REQUIRED ACTION:
The answer should be each line of the records that contains the word "CIRCLE"; please copy them all.

BEGIN RECORDS FOR PROCESSING

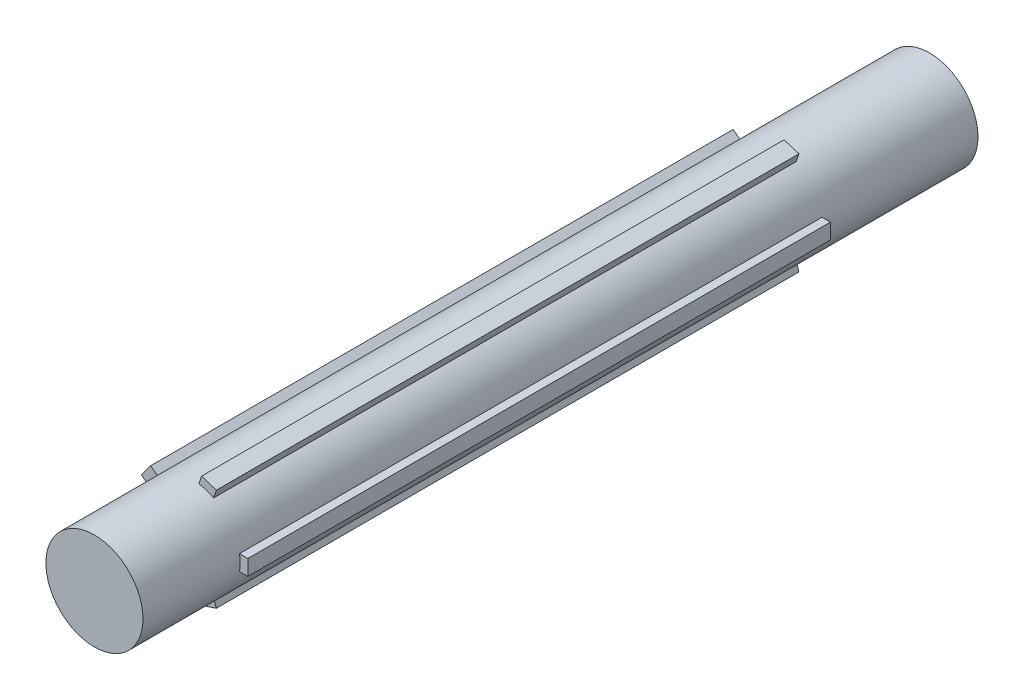
ISO-10303-21;
HEADER;
FILE_DESCRIPTION(('STEP AP214'),'2;1');
FILE_NAME('part.step','',(''),(''),'','','');
FILE_SCHEMA(('AUTOMOTIVE_DESIGN { 1 0 10303 214 1 1 1 1 }'));
ENDSEC;
DATA;
#1=APPLICATION_CONTEXT('core data for automotive mechanical design processes');
#2=APPLICATION_PROTOCOL_DEFINITION('international standard','automotive_design',2000,#1);
#3=PRODUCT_CONTEXT('',#1,'mechanical');
#4=PRODUCT('Part','Part','',(#3));
#5=PRODUCT_RELATED_PRODUCT_CATEGORY('part','',(#4));
#6=PRODUCT_DEFINITION_FORMATION('','',#4);
#7=PRODUCT_DEFINITION_CONTEXT('part definition',#1,'design');
#8=PRODUCT_DEFINITION('design','',#6,#7);
#9=PRODUCT_DEFINITION_SHAPE('','',#8);
#10=(LENGTH_UNIT() NAMED_UNIT(*) SI_UNIT(.MILLI.,.METRE.));
#11=(NAMED_UNIT(*) PLANE_ANGLE_UNIT() SI_UNIT($,.RADIAN.));
#12=(NAMED_UNIT(*) SI_UNIT($,.STERADIAN.) SOLID_ANGLE_UNIT());
#13=UNCERTAINTY_MEASURE_WITH_UNIT(LENGTH_MEASURE(1.E-05),#10,'distance_accuracy_value','');
#14=(GEOMETRIC_REPRESENTATION_CONTEXT(3) GLOBAL_UNCERTAINTY_ASSIGNED_CONTEXT((#13)) GLOBAL_UNIT_ASSIGNED_CONTEXT((#10,
#11,#12)) REPRESENTATION_CONTEXT('',''));
#15=CARTESIAN_POINT('',(0.,0.,0.));
#16=DIRECTION('',(0.,0.,1.));
#17=DIRECTION('',(1.,0.,0.));
#18=AXIS2_PLACEMENT_3D('',#15,#16,#17);
#19=CARTESIAN_POINT('',(0.,0.,215.));
#20=DIRECTION('',(0.,0.,-1.));
#21=DIRECTION('',(-1.,0.,0.));
#22=AXIS2_PLACEMENT_3D('',#19,#20,#21);
#23=CYLINDRICAL_SURFACE('',#22,12.5);
#24=DIRECTION('',(0.,0.,-1.));
#25=VECTOR('',#24,1.);
#26=CARTESIAN_POINT('',(5.71506219343786,11.1170168716764,215.));
#27=LINE('',#26,#25);
#28=CARTESIAN_POINT('',(5.71506219343786,11.1170168716764,40.));
#29=VERTEX_POINT('',#28);
#30=CARTESIAN_POINT('',(5.71506219343786,11.1170168716764,190.));
#31=VERTEX_POINT('',#30);
#32=EDGE_CURVE('E162',#29,#31,#27,.F.);
#33=ORIENTED_EDGE('',*,*,#32,.T.);
#34=CARTESIAN_POINT('',(0.,0.,190.));
#35=DIRECTION('',(0.,0.,1.));
#36=DIRECTION('',(1.,0.,0.));
#37=AXIS2_PLACEMENT_3D('',#34,#35,#36);
#38=CIRCLE('',#37,12.5);
#39=CARTESIAN_POINT('',(1.91083612825726,12.3530848491762,190.));
#40=VERTEX_POINT('',#39);
#41=EDGE_CURVE('E12',#31,#40,#38,.T.);
#42=ORIENTED_EDGE('',*,*,#41,.T.);
#43=DIRECTION('',(0.,0.,-1.));
#44=VECTOR('',#43,1.);
#45=CARTESIAN_POINT('',(1.91083612825726,12.3530848491762,215.));
#46=LINE('',#45,#44);
#47=CARTESIAN_POINT('',(1.91083612825726,12.3530848491762,40.));
#48=VERTEX_POINT('',#47);
#49=EDGE_CURVE('E454',#48,#40,#46,.F.);
#50=ORIENTED_EDGE('',*,*,#49,.F.);
#51=CARTESIAN_POINT('',(0.,0.,40.));
#52=DIRECTION('',(0.,0.,1.));
#53=DIRECTION('',(1.,0.,0.));
#54=AXIS2_PLACEMENT_3D('',#51,#52,#53);
#55=CIRCLE('',#54,12.5);
#56=EDGE_CURVE('E451',#29,#48,#55,.T.);
#57=ORIENTED_EDGE('',*,*,#56,.F.);
#58=EDGE_LOOP('',(#33,#42,#50,#57));
#59=FACE_BOUND('',#58,.T.);
#60=DIRECTION('',(0.,0.,-1.));
#61=VECTOR('',#60,1.);
#62=CARTESIAN_POINT('',(-8.80685999588894,8.87069428020215,215.));
#63=LINE('',#62,#61);
#64=CARTESIAN_POINT('',(-8.80685999588894,8.87069428020215,40.));
#65=VERTEX_POINT('',#64);
#66=CARTESIAN_POINT('',(-8.80685999588894,8.87069428020215,190.));
#67=VERTEX_POINT('',#66);
#68=EDGE_CURVE('E447',#65,#67,#63,.F.);
#69=ORIENTED_EDGE('',*,*,#68,.T.);
#70=CARTESIAN_POINT('',(0.,0.,190.));
#71=DIRECTION('',(0.,0.,1.));
#72=DIRECTION('',(1.,0.,0.));
#73=AXIS2_PLACEMENT_3D('',#70,#71,#72);
#74=CIRCLE('',#73,12.5);
#75=CARTESIAN_POINT('',(-11.1580010050589,5.63462630270238,190.));
#76=VERTEX_POINT('',#75);
#77=EDGE_CURVE('E449',#67,#76,#74,.T.);
#78=ORIENTED_EDGE('',*,*,#77,.T.);
#79=DIRECTION('',(0.,0.,-1.));
#80=VECTOR('',#79,1.);
#81=CARTESIAN_POINT('',(-11.1580010050589,5.63462630270238,215.));
#82=LINE('',#81,#80);
#83=CARTESIAN_POINT('',(-11.1580010050589,5.63462630270238,40.));
#84=VERTEX_POINT('',#83);
#85=EDGE_CURVE('E444',#84,#76,#82,.F.);
#86=ORIENTED_EDGE('',*,*,#85,.F.);
#87=CARTESIAN_POINT('',(0.,0.,40.));
#88=DIRECTION('',(0.,0.,1.));
#89=DIRECTION('',(1.,0.,0.));
#90=AXIS2_PLACEMENT_3D('',#87,#88,#89);
#91=CIRCLE('',#90,12.5);
#92=EDGE_CURVE('E441',#65,#84,#91,.T.);
#93=ORIENTED_EDGE('',*,*,#92,.F.);
#94=EDGE_LOOP('',(#69,#78,#86,#93));
#95=FACE_BOUND('',#94,.T.);
#96=DIRECTION('',(0.,0.,-1.));
#97=VECTOR('',#96,1.);
#98=CARTESIAN_POINT('',(-11.1580010050589,-5.63462630270222,215.));
#99=LINE('',#98,#97);
#100=CARTESIAN_POINT('',(-11.1580010050589,-5.63462630270222,40.));
#101=VERTEX_POINT('',#100);
#102=CARTESIAN_POINT('',(-11.1580010050589,-5.63462630270222,190.));
#103=VERTEX_POINT('',#102);
#104=EDGE_CURVE('E437',#101,#103,#99,.F.);
#105=ORIENTED_EDGE('',*,*,#104,.T.);
#106=CARTESIAN_POINT('',(0.,0.,190.));
#107=DIRECTION('',(0.,0.,1.));
#108=DIRECTION('',(1.,0.,0.));
#109=AXIS2_PLACEMENT_3D('',#106,#107,#108);
#110=CIRCLE('',#109,12.5);
#111=CARTESIAN_POINT('',(-8.80685999588907,-8.87069428020202,190.));
#112=VERTEX_POINT('',#111);
#113=EDGE_CURVE('E439',#103,#112,#110,.T.);
#114=ORIENTED_EDGE('',*,*,#113,.T.);
#115=DIRECTION('',(0.,0.,-1.));
#116=VECTOR('',#115,1.);
#117=CARTESIAN_POINT('',(-8.80685999588907,-8.87069428020202,215.));
#118=LINE('',#117,#116);
#119=CARTESIAN_POINT('',(-8.80685999588907,-8.87069428020202,40.));
#120=VERTEX_POINT('',#119);
#121=EDGE_CURVE('E434',#120,#112,#118,.F.);
#122=ORIENTED_EDGE('',*,*,#121,.F.);
#123=CARTESIAN_POINT('',(0.,0.,40.));
#124=DIRECTION('',(0.,0.,1.));
#125=DIRECTION('',(1.,0.,0.));
#126=AXIS2_PLACEMENT_3D('',#123,#124,#125);
#127=CIRCLE('',#126,12.5);
#128=EDGE_CURVE('E431',#101,#120,#127,.T.);
#129=ORIENTED_EDGE('',*,*,#128,.F.);
#130=EDGE_LOOP('',(#105,#114,#122,#129));
#131=FACE_BOUND('',#130,.T.);
#132=DIRECTION('',(0.,0.,-1.));
#133=VECTOR('',#132,1.);
#134=CARTESIAN_POINT('',(1.91083612825709,-12.3530848491762,215.));
#135=LINE('',#134,#133);
#136=CARTESIAN_POINT('',(1.91083612825709,-12.3530848491762,40.));
#137=VERTEX_POINT('',#136);
#138=CARTESIAN_POINT('',(1.91083612825709,-12.3530848491762,190.));
#139=VERTEX_POINT('',#138);
#140=EDGE_CURVE('E427',#137,#139,#135,.F.);
#141=ORIENTED_EDGE('',*,*,#140,.T.);
#142=CARTESIAN_POINT('',(0.,0.,190.));
#143=DIRECTION('',(0.,0.,1.));
#144=DIRECTION('',(1.,0.,0.));
#145=AXIS2_PLACEMENT_3D('',#142,#143,#144);
#146=CIRCLE('',#145,12.5);
#147=CARTESIAN_POINT('',(5.71506219343771,-11.1170168716765,190.));
#148=VERTEX_POINT('',#147);
#149=EDGE_CURVE('E429',#139,#148,#146,.T.);
#150=ORIENTED_EDGE('',*,*,#149,.T.);
#151=DIRECTION('',(0.,0.,-1.));
#152=VECTOR('',#151,1.);
#153=CARTESIAN_POINT('',(5.71506219343771,-11.1170168716765,215.));
#154=LINE('',#153,#152);
#155=CARTESIAN_POINT('',(5.71506219343771,-11.1170168716765,40.));
#156=VERTEX_POINT('',#155);
#157=EDGE_CURVE('E424',#156,#148,#154,.F.);
#158=ORIENTED_EDGE('',*,*,#157,.F.);
#159=CARTESIAN_POINT('',(0.,0.,40.));
#160=DIRECTION('',(0.,0.,1.));
#161=DIRECTION('',(1.,0.,0.));
#162=AXIS2_PLACEMENT_3D('',#159,#160,#161);
#163=CIRCLE('',#162,12.5);
#164=EDGE_CURVE('E421',#137,#156,#163,.T.);
#165=ORIENTED_EDGE('',*,*,#164,.F.);
#166=EDGE_LOOP('',(#141,#150,#158,#165));
#167=FACE_BOUND('',#166,.T.);
#168=CARTESIAN_POINT('',(0.,0.,0.));
#169=DIRECTION('',(0.,0.,1.));
#170=DIRECTION('',(1.,0.,0.));
#171=AXIS2_PLACEMENT_3D('',#168,#169,#170);
#172=CIRCLE('',#171,12.5);
#173=CARTESIAN_POINT('',(12.5,0.,0.));
#174=VERTEX_POINT('',#173);
#175=EDGE_CURVE('E404',#174,#174,#172,.T.);
#176=ORIENTED_EDGE('',*,*,#175,.T.);
#177=EDGE_LOOP('',(#176));
#178=FACE_BOUND('',#177,.T.);
#179=CARTESIAN_POINT('',(0.,0.,215.));
#180=DIRECTION('',(0.,0.,1.));
#181=DIRECTION('',(1.,0.,0.));
#182=AXIS2_PLACEMENT_3D('',#179,#180,#181);
#183=CIRCLE('',#182,12.5);
#184=CARTESIAN_POINT('',(12.5,0.,215.));
#185=VERTEX_POINT('',#184);
#186=EDGE_CURVE('E405',#185,#185,#183,.T.);
#187=ORIENTED_EDGE('',*,*,#186,.F.);
#188=EDGE_LOOP('',(#187));
#189=FACE_BOUND('',#188,.T.);
#190=CARTESIAN_POINT('',(0.,0.,40.));
#191=DIRECTION('',(0.,0.,1.));
#192=DIRECTION('',(1.,0.,0.));
#193=AXIS2_PLACEMENT_3D('',#190,#191,#192);
#194=CIRCLE('',#193,12.5);
#195=CARTESIAN_POINT('',(12.3389626792531,-2.,40.));
#196=VERTEX_POINT('',#195);
#197=CARTESIAN_POINT('',(12.3389626792531,2.,40.));
#198=VERTEX_POINT('',#197);
#199=EDGE_CURVE('E419',#196,#198,#194,.T.);
#200=ORIENTED_EDGE('',*,*,#199,.F.);
#201=DIRECTION('',(0.,0.,-1.));
#202=VECTOR('',#201,1.);
#203=CARTESIAN_POINT('',(12.3389626792531,-2.,215.));
#204=LINE('',#203,#202);
#205=CARTESIAN_POINT('',(12.3389626792531,-2.,190.));
#206=VERTEX_POINT('',#205);
#207=EDGE_CURVE('E416',#196,#206,#204,.F.);
#208=ORIENTED_EDGE('',*,*,#207,.T.);
#209=CARTESIAN_POINT('',(0.,0.,190.));
#210=DIRECTION('',(0.,0.,1.));
#211=DIRECTION('',(1.,0.,0.));
#212=AXIS2_PLACEMENT_3D('',#209,#210,#211);
#213=CIRCLE('',#212,12.5);
#214=CARTESIAN_POINT('',(12.3389626792531,2.,190.));
#215=VERTEX_POINT('',#214);
#216=EDGE_CURVE('E408',#206,#215,#213,.T.);
#217=ORIENTED_EDGE('',*,*,#216,.T.);
#218=DIRECTION('',(0.,0.,-1.));
#219=VECTOR('',#218,1.);
#220=CARTESIAN_POINT('',(12.3389626792531,2.,215.));
#221=LINE('',#220,#219);
#222=EDGE_CURVE('E413',#198,#215,#221,.F.);
#223=ORIENTED_EDGE('',*,*,#222,.F.);
#224=EDGE_LOOP('',(#200,#208,#217,#223));
#225=FACE_BOUND('',#224,.T.);
#226=ADVANCED_FACE('F155',(#59,#95,#131,#167,#178,#189,#225),#23,.T.);
#227=CARTESIAN_POINT('',(0.,0.,215.));
#228=DIRECTION('',(0.,0.,1.));
#229=DIRECTION('',(1.,0.,0.));
#230=AXIS2_PLACEMENT_3D('',#227,#228,#229);
#231=PLANE('',#230);
#232=ORIENTED_EDGE('',*,*,#186,.T.);
#233=EDGE_LOOP('',(#232));
#234=FACE_BOUND('',#233,.T.);
#235=ADVANCED_FACE('F469',(#234),#231,.T.);
#236=CARTESIAN_POINT('',(0.,0.,0.));
#237=DIRECTION('',(0.,0.,1.));
#238=DIRECTION('',(1.,0.,0.));
#239=AXIS2_PLACEMENT_3D('',#236,#237,#238);
#240=PLANE('',#239);
#241=ORIENTED_EDGE('',*,*,#175,.F.);
#242=EDGE_LOOP('',(#241));
#243=FACE_BOUND('',#242,.T.);
#244=ADVANCED_FACE('F473',(#243),#240,.F.);
#245=CARTESIAN_POINT('',(0.,-2.,190.));
#246=DIRECTION('',(0.,-1.,0.));
#247=DIRECTION('',(0.,0.,-1.));
#248=AXIS2_PLACEMENT_3D('',#245,#246,#247);
#249=PLANE('',#248);
#250=ORIENTED_EDGE('',*,*,#207,.F.);
#251=DIRECTION('',(-1.,0.,0.));
#252=VECTOR('',#251,1.);
#253=CARTESIAN_POINT('',(0.,-2.,40.));
#254=LINE('',#253,#252);
#255=CARTESIAN_POINT('',(14.5,-2.,40.));
#256=VERTEX_POINT('',#255);
#257=EDGE_CURVE('E383',#256,#196,#254,.T.);
#258=ORIENTED_EDGE('',*,*,#257,.F.);
#259=DIRECTION('',(0.,0.,-1.));
#260=VECTOR('',#259,1.);
#261=CARTESIAN_POINT('',(14.5,-2.,190.));
#262=LINE('',#261,#260);
#263=CARTESIAN_POINT('',(14.5,-2.,190.));
#264=VERTEX_POINT('',#263);
#265=EDGE_CURVE('E402',#264,#256,#262,.T.);
#266=ORIENTED_EDGE('',*,*,#265,.F.);
#267=DIRECTION('',(-1.,0.,0.));
#268=VECTOR('',#267,1.);
#269=CARTESIAN_POINT('',(0.,-2.,190.));
#270=LINE('',#269,#268);
#271=EDGE_CURVE('E384',#264,#206,#270,.T.);
#272=ORIENTED_EDGE('',*,*,#271,.T.);
#273=EDGE_LOOP('',(#250,#258,#266,#272));
#274=FACE_BOUND('',#273,.T.);
#275=ADVANCED_FACE('F479',(#274),#249,.T.);
#276=CARTESIAN_POINT('',(0.,2.,190.));
#277=DIRECTION('',(0.,-1.,0.));
#278=DIRECTION('',(1.,0.,0.));
#279=AXIS2_PLACEMENT_3D('',#276,#277,#278);
#280=PLANE('',#279);
#281=DIRECTION('',(-1.,0.,0.));
#282=VECTOR('',#281,1.);
#283=CARTESIAN_POINT('',(0.,2.,40.));
#284=LINE('',#283,#282);
#285=CARTESIAN_POINT('',(14.5,2.,40.));
#286=VERTEX_POINT('',#285);
#287=EDGE_CURVE('E388',#286,#198,#284,.T.);
#288=ORIENTED_EDGE('',*,*,#287,.T.);
#289=ORIENTED_EDGE('',*,*,#222,.T.);
#290=DIRECTION('',(-1.,0.,0.));
#291=VECTOR('',#290,1.);
#292=CARTESIAN_POINT('',(0.,2.,190.));
#293=LINE('',#292,#291);
#294=CARTESIAN_POINT('',(14.5,2.,190.));
#295=VERTEX_POINT('',#294);
#296=EDGE_CURVE('E391',#295,#215,#293,.T.);
#297=ORIENTED_EDGE('',*,*,#296,.F.);
#298=DIRECTION('',(0.,0.,-1.));
#299=VECTOR('',#298,1.);
#300=CARTESIAN_POINT('',(14.5,2.,190.));
#301=LINE('',#300,#299);
#302=EDGE_CURVE('E393',#295,#286,#301,.T.);
#303=ORIENTED_EDGE('',*,*,#302,.T.);
#304=EDGE_LOOP('',(#288,#289,#297,#303));
#305=FACE_BOUND('',#304,.T.);
#306=ADVANCED_FACE('F484',(#305),#280,.F.);
#307=CARTESIAN_POINT('',(14.5,0.,190.));
#308=DIRECTION('',(1.,0.,0.));
#309=DIRECTION('',(0.,0.,-1.));
#310=AXIS2_PLACEMENT_3D('',#307,#308,#309);
#311=PLANE('',#310);
#312=DIRECTION('',(0.,-1.,0.));
#313=VECTOR('',#312,1.);
#314=CARTESIAN_POINT('',(14.5,0.,40.));
#315=LINE('',#314,#313);
#316=EDGE_CURVE('E396',#286,#256,#315,.T.);
#317=ORIENTED_EDGE('',*,*,#316,.F.);
#318=ORIENTED_EDGE('',*,*,#302,.F.);
#319=DIRECTION('',(0.,-1.,0.));
#320=VECTOR('',#319,1.);
#321=CARTESIAN_POINT('',(14.5,0.,190.));
#322=LINE('',#321,#320);
#323=EDGE_CURVE('E387',#295,#264,#322,.T.);
#324=ORIENTED_EDGE('',*,*,#323,.T.);
#325=ORIENTED_EDGE('',*,*,#265,.T.);
#326=EDGE_LOOP('',(#317,#318,#324,#325));
#327=FACE_BOUND('',#326,.T.);
#328=ADVANCED_FACE('F486',(#327),#311,.T.);
#329=CARTESIAN_POINT('',(0.,0.,40.));
#330=DIRECTION('',(0.,0.,1.));
#331=DIRECTION('',(1.,0.,0.));
#332=AXIS2_PLACEMENT_3D('',#329,#330,#331);
#333=PLANE('',#332);
#334=ORIENTED_EDGE('',*,*,#257,.T.);
#335=ORIENTED_EDGE('',*,*,#199,.T.);
#336=ORIENTED_EDGE('',*,*,#287,.F.);
#337=ORIENTED_EDGE('',*,*,#316,.T.);
#338=EDGE_LOOP('',(#334,#335,#336,#337));
#339=FACE_BOUND('',#338,.T.);
#340=ADVANCED_FACE('F489',(#339),#333,.F.);
#341=CARTESIAN_POINT('',(0.,0.,190.));
#342=DIRECTION('',(0.,0.,1.));
#343=DIRECTION('',(1.,0.,0.));
#344=AXIS2_PLACEMENT_3D('',#341,#342,#343);
#345=PLANE('',#344);
#346=ORIENTED_EDGE('',*,*,#216,.F.);
#347=ORIENTED_EDGE('',*,*,#271,.F.);
#348=ORIENTED_EDGE('',*,*,#323,.F.);
#349=ORIENTED_EDGE('',*,*,#296,.T.);
#350=EDGE_LOOP('',(#346,#347,#348,#349));
#351=FACE_BOUND('',#350,.T.);
#352=ADVANCED_FACE('F491',(#351),#345,.T.);
#353=CARTESIAN_POINT('',(-1.90211303259031,-0.61803398874989,190.));
#354=DIRECTION('',(-0.951056516295154,-0.309016994374945,0.));
#355=DIRECTION('',(0.309016994374945,-0.951056516295155,0.));
#356=AXIS2_PLACEMENT_3D('',#353,#354,#355);
#357=PLANE('',#356);
#358=ORIENTED_EDGE('',*,*,#140,.F.);
#359=DIRECTION('',(-0.309016994374945,0.951056516295155,0.));
#360=VECTOR('',#359,1.);
#361=CARTESIAN_POINT('',(-1.90211303259031,-0.61803398874989,40.));
#362=LINE('',#361,#360);
#363=CARTESIAN_POINT('',(2.57863338584639,-14.4083534750296,40.));
#364=VERTEX_POINT('',#363);
#365=EDGE_CURVE('E361',#364,#137,#362,.T.);
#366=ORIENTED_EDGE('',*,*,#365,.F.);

END RECORDS FOR PROCESSING

EXERCISE ANSWER:
#38=CIRCLE('',#37,12.5);
#55=CIRCLE('',#54,12.5);
#74=CIRCLE('',#73,12.5);
#91=CIRCLE('',#90,12.5);
#110=CIRCLE('',#109,12.5);
#127=CIRCLE('',#126,12.5);
#146=CIRCLE('',#145,12.5);
#163=CIRCLE('',#162,12.5);
#172=CIRCLE('',#171,12.5);
#183=CIRCLE('',#182,12.5);
#194=CIRCLE('',#193,12.5);
#213=CIRCLE('',#212,12.5);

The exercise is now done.